Thanks to Blue Pumilio for hitting it dead on: What's wrong with going after smuggling? The Dendroboard community does wholeheartedly agree that removing frogs from the wild for use as pets (against their will, and without their consent) is unethical and should be deterred...right? If you find the poaching of the megafauna in the article disgusting, I'm sure that you all agree that stealing frogs from their families and their homeland is every bit as bad. 

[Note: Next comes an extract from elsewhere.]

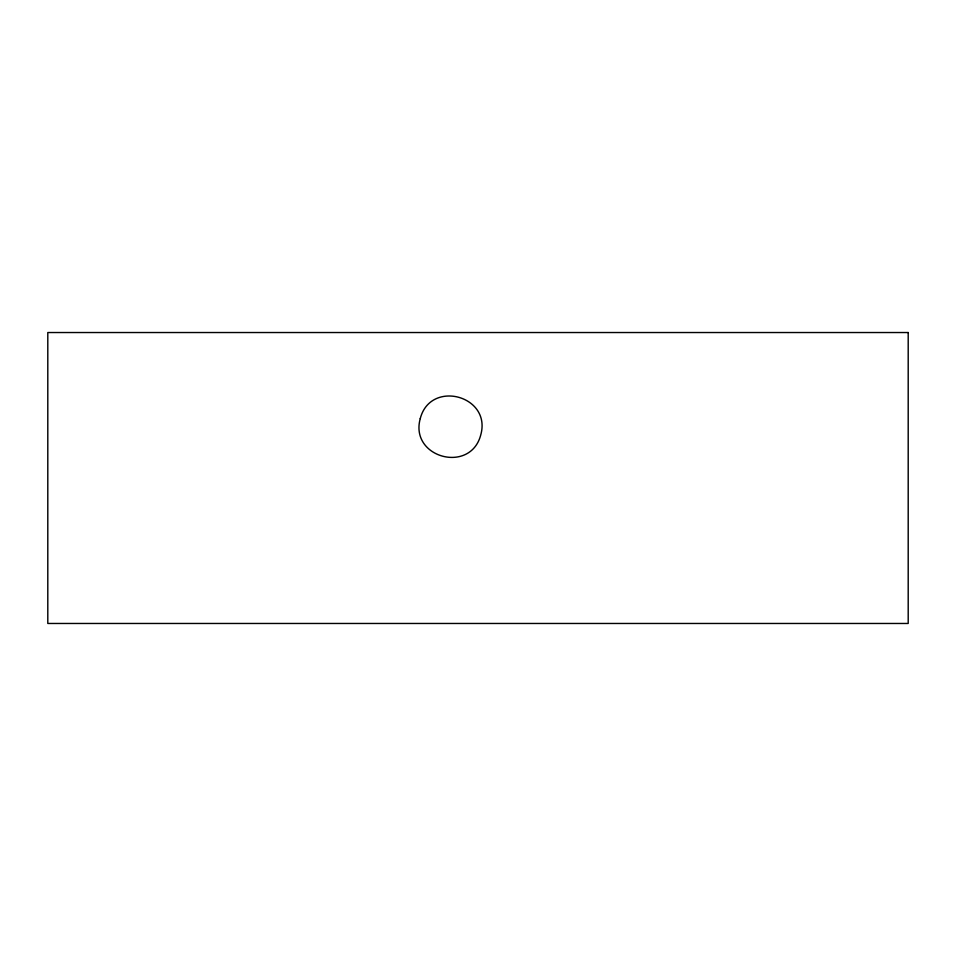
<?xml version="1.0" encoding="UTF-8"?>
<svg xmlns="http://www.w3.org/2000/svg" width="956" height="956" viewBox="0 0 956 956"><rect width="100%" height="100%" fill="white"/><g stroke="black" fill="none" stroke-linecap="round" stroke-linejoin="round"><path stroke-width="1.43" d="M420.258 418.597C409.323 457.781 470.651 474.212 480.784 434.813C491.707 395.629 430.379 379.197 420.258 418.597M908.2 332.533L47.8 332.533L47.8 623.467L908.2 623.467L908.2 332.533"/></g></svg>

I'm sure no Dendroboard user would want to be stuck in a container with a bunch of sick frogs crawling all over you and possibly dying en route from problems with your new diet as a captive or possibly overheating or freezing in the cargo bin of that third world country's public transportation system. Or maybe you'd arrive in the USA alive and get sold to a pet store on the corner where you'd sit in a place nowhere as nice as the rainforest stream you came from and then a nice mom would buy you for a few bucks for little Johnnie who really loves frogs but forgets to feed you or turn off the heat lamp and then you die. "It was just a frog though", Dad may say as he throws your carcass out in the backyard. And the chytrid fungus living in your keratinized skin seeps out in the next rain and down to the local stream. And the chytrid fungus infects the native frogs, which have no evolved defenses against chytridiomycosis (the worst disease in recorded history, having caused nearly 100 amphibian species extinctions), and when kids ask you why they never hear frogs calling down at the stream anymore, what will you tell them? Will you say you did your part? 
Chytrid Fungus
Pet Frogs
Kerry Kriger, Ph.D.
SAVE THE FROGS! Founder, Executive Director, Ecologist, Frog Lover


----------



## thedude (Nov 28, 2007)

savethefrogs said:


> Thanks to Blue Pumilio for hitting it dead on: What's wrong with going after smuggling? The Dendroboard community does wholeheartedly agree that removing frogs from the wild for use as pets (against their will, and without their consent) is unethical and should be deterred...right? If you find the poaching of the megafauna in the article disgusting, I'm sure that you all agree that stealing frogs from their families and their homeland is every bit as bad.
> 
> I'm sure no Dendroboard user would want to be stuck in a container with a bunch of sick frogs crawling all over you and possibly dying en route from problems with your new diet as a captive or possibly overheating or freezing in the cargo bin of that third world country's public transportation system. Or maybe you'd arrive in the USA alive and get sold to a pet store on the corner where you'd sit in a place nowhere as nice as the rainforest stream you came from and then a nice mom would buy you for a few bucks for little Johnnie who really loves frogs but forgets to feed you or turn off the heat lamp and then you die. "It was just a frog though", Dad may say as he throws your carcass out in the backyard. And the chytrid fungus living in your keratinized skin seeps out in the next rain and down to the local stream. And the chytrid fungus infects the native frogs, which have no evolved defenses against chytridiomycosis (the worst disease in recorded history, having caused nearly 100 amphibian species extinctions), and when kids ask you why they never hear frogs calling down at the stream anymore, what will you tell them? Will you say you did your part?
> Chytrid Fungus
> ...


First of all, "frog families"? You can't be serious with that...

And second, yes I will say I did my part. I only buy from sustainable frog importers, which will hopefully be the future of this hobby.

I agree that the amount of wild caught frogs that come into the pet trade is way to high, and that they aren't treated the way they should. But there are a lot of really great people in the hobby who are really helping get us on track. If I were you, I would be going after other forums/hobbies. 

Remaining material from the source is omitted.